This guide shows you the best questions for NC teachers when creating a NC teacher working conditions survey that gets to the heart of what matters in your school.

Traditional surveys often miss nuances that AI-powered conversational surveys can surface. With this guide, you’ll see how to map smart questions to NC’s key domains and use dynamic follow-ups for richer insights.

I’ll break down each domain with example questions and follow-up ideas, so you can dig deeper into what really drives your teachers’ experiences.

Why teacher working conditions surveys matter in NC schools

Teacher retention and satisfaction go hand in hand with student outcomes. The most recent surveys show real progress: 92% of North Carolina educators agreed their school is a good place to work and learn—the best result on record.[1] But moving from data to action means understanding details across the five NC domains:

  • Time

  • School Leadership

  • Professional Development

  • Facilities and Resources

  • Managing Student Conduct

Each domain uncovers unique challenges—like time lost to non-instructional duties, trust in leaders, or resource gaps that leave teachers buying their own supplies.

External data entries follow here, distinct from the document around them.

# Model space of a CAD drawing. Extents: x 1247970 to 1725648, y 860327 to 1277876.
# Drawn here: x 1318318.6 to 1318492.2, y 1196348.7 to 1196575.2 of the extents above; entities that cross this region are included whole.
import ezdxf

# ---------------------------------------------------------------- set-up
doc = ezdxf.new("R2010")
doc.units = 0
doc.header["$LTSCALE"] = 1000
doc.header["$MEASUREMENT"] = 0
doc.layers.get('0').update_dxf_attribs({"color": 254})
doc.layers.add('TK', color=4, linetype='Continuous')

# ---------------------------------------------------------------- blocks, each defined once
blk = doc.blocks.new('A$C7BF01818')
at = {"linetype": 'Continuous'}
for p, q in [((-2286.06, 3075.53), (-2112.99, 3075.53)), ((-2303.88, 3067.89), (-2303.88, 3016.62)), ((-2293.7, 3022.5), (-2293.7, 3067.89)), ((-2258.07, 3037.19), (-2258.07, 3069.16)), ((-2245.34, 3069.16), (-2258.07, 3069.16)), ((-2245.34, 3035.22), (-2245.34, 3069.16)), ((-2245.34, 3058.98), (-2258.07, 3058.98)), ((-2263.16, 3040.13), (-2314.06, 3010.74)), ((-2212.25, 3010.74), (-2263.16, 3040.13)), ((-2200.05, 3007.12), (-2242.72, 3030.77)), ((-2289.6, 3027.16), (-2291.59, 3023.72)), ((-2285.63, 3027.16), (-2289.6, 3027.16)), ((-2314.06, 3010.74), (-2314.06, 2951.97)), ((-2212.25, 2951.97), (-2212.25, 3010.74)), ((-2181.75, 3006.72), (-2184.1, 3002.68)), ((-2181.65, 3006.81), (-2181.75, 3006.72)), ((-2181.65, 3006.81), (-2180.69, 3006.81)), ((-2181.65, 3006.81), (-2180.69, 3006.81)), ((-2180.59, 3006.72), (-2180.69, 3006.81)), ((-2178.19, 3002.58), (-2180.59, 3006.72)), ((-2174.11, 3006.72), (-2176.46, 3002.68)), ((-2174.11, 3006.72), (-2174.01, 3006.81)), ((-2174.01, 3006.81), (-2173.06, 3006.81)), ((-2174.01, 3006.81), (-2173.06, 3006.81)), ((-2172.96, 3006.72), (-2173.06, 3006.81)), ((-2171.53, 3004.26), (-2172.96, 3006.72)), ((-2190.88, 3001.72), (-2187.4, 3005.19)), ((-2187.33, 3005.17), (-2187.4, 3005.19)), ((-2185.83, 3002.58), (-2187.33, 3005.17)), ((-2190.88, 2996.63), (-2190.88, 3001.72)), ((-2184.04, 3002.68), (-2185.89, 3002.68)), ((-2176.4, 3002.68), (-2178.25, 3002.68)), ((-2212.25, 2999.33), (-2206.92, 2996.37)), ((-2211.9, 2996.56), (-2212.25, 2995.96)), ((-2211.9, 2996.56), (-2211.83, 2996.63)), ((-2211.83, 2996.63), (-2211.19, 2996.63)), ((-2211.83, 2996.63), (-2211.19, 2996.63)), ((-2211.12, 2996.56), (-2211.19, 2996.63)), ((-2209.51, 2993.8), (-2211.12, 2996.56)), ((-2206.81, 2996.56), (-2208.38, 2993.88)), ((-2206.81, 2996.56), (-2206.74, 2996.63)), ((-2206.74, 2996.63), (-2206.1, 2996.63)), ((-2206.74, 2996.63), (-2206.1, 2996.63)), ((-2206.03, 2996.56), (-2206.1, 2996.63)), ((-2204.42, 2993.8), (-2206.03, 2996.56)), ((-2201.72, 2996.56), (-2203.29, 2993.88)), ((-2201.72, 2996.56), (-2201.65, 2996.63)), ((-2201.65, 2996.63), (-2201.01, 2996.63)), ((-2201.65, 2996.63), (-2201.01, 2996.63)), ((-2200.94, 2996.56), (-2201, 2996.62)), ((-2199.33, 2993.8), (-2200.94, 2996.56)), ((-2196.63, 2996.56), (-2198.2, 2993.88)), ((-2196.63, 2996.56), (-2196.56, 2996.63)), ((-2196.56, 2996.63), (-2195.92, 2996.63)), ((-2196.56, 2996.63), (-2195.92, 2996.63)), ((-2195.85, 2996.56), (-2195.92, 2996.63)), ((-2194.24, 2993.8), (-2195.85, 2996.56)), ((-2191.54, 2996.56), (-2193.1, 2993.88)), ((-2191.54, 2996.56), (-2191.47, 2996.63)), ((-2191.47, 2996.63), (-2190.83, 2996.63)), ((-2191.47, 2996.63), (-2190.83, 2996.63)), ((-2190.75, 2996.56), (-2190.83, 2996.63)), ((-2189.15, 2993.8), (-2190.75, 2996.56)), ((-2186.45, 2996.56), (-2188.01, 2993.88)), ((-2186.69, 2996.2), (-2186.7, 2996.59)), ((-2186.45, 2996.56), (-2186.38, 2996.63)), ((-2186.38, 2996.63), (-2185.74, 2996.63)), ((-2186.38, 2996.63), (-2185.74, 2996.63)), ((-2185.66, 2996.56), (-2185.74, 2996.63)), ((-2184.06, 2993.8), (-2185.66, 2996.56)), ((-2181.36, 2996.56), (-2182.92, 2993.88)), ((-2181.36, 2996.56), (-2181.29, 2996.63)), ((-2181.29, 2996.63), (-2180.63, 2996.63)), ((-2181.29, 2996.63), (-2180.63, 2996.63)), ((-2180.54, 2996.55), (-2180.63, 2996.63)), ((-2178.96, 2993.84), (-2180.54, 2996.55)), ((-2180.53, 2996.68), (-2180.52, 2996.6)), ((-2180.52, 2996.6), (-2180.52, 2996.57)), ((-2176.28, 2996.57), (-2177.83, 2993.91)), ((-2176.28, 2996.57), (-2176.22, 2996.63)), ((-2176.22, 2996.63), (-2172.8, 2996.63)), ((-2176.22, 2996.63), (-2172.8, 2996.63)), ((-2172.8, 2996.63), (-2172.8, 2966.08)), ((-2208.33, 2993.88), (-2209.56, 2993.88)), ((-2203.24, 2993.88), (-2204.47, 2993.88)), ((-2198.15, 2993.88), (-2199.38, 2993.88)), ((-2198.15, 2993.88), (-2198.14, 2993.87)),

Conversational surveys, powered by tools like Specific, go beyond checkboxes. When the AI follows up, your teacher survey turns into a real conversation—the kind that gets at the stories and context behind every answer. If you’re not running these, you’re missing out on understanding why your best teachers leave (or stay), and which changes could make the biggest impact.

The 2024 survey even shows 88% of NC teachers now plan to stay in the state—a sign that listening and acting really works. [1]

Time domain: capturing how teachers really spend their day

Let’s be honest: time is the #1 concern for most NC teachers. Protecting planning periods and minimizing “extras” can make the difference between burnout and satisfaction. Here’s how to ask the right questions:

  • How much protected planning time do you actually get during the school week?

  • What tasks most often interrupt your instructional time?

  • Do you feel you have enough time to meet every student’s needs?

AI follow-up intents: For each, instruct the AI to ask for recent examples, probe why planning time is interrupted, or clarify what would help reduce non-instructional load.

Planning Time: I always dig deeper into protected versus interrupted planning periods. Teachers often say they technically “have” planning blocks, but they’re routinely pulled for meetings or coverage. Probing uncovers what’s really happening.

Non-instructional Duties: These are the silent thieves of energy—lunch duty, hallway monitoring, surprise assignments. Ask teachers to describe what regularly pulls them away from teaching, and then let the AI prompt specifics (“What was the last instance?”).

Example prompt for analyzing time-related responses:

“Summarize the main ways teachers say their planning time is lost. Highlight common root causes and identify any unexpected barriers.”

When you use automatic follow-up questions in Specific, the AI picks up on unique pain points and digs for context—more than any static checklist ever could.

73% of NC educators in 2024 said they’re able to concentrate without interruptions, yet day-to-day stories unveil plenty of exceptions. [6]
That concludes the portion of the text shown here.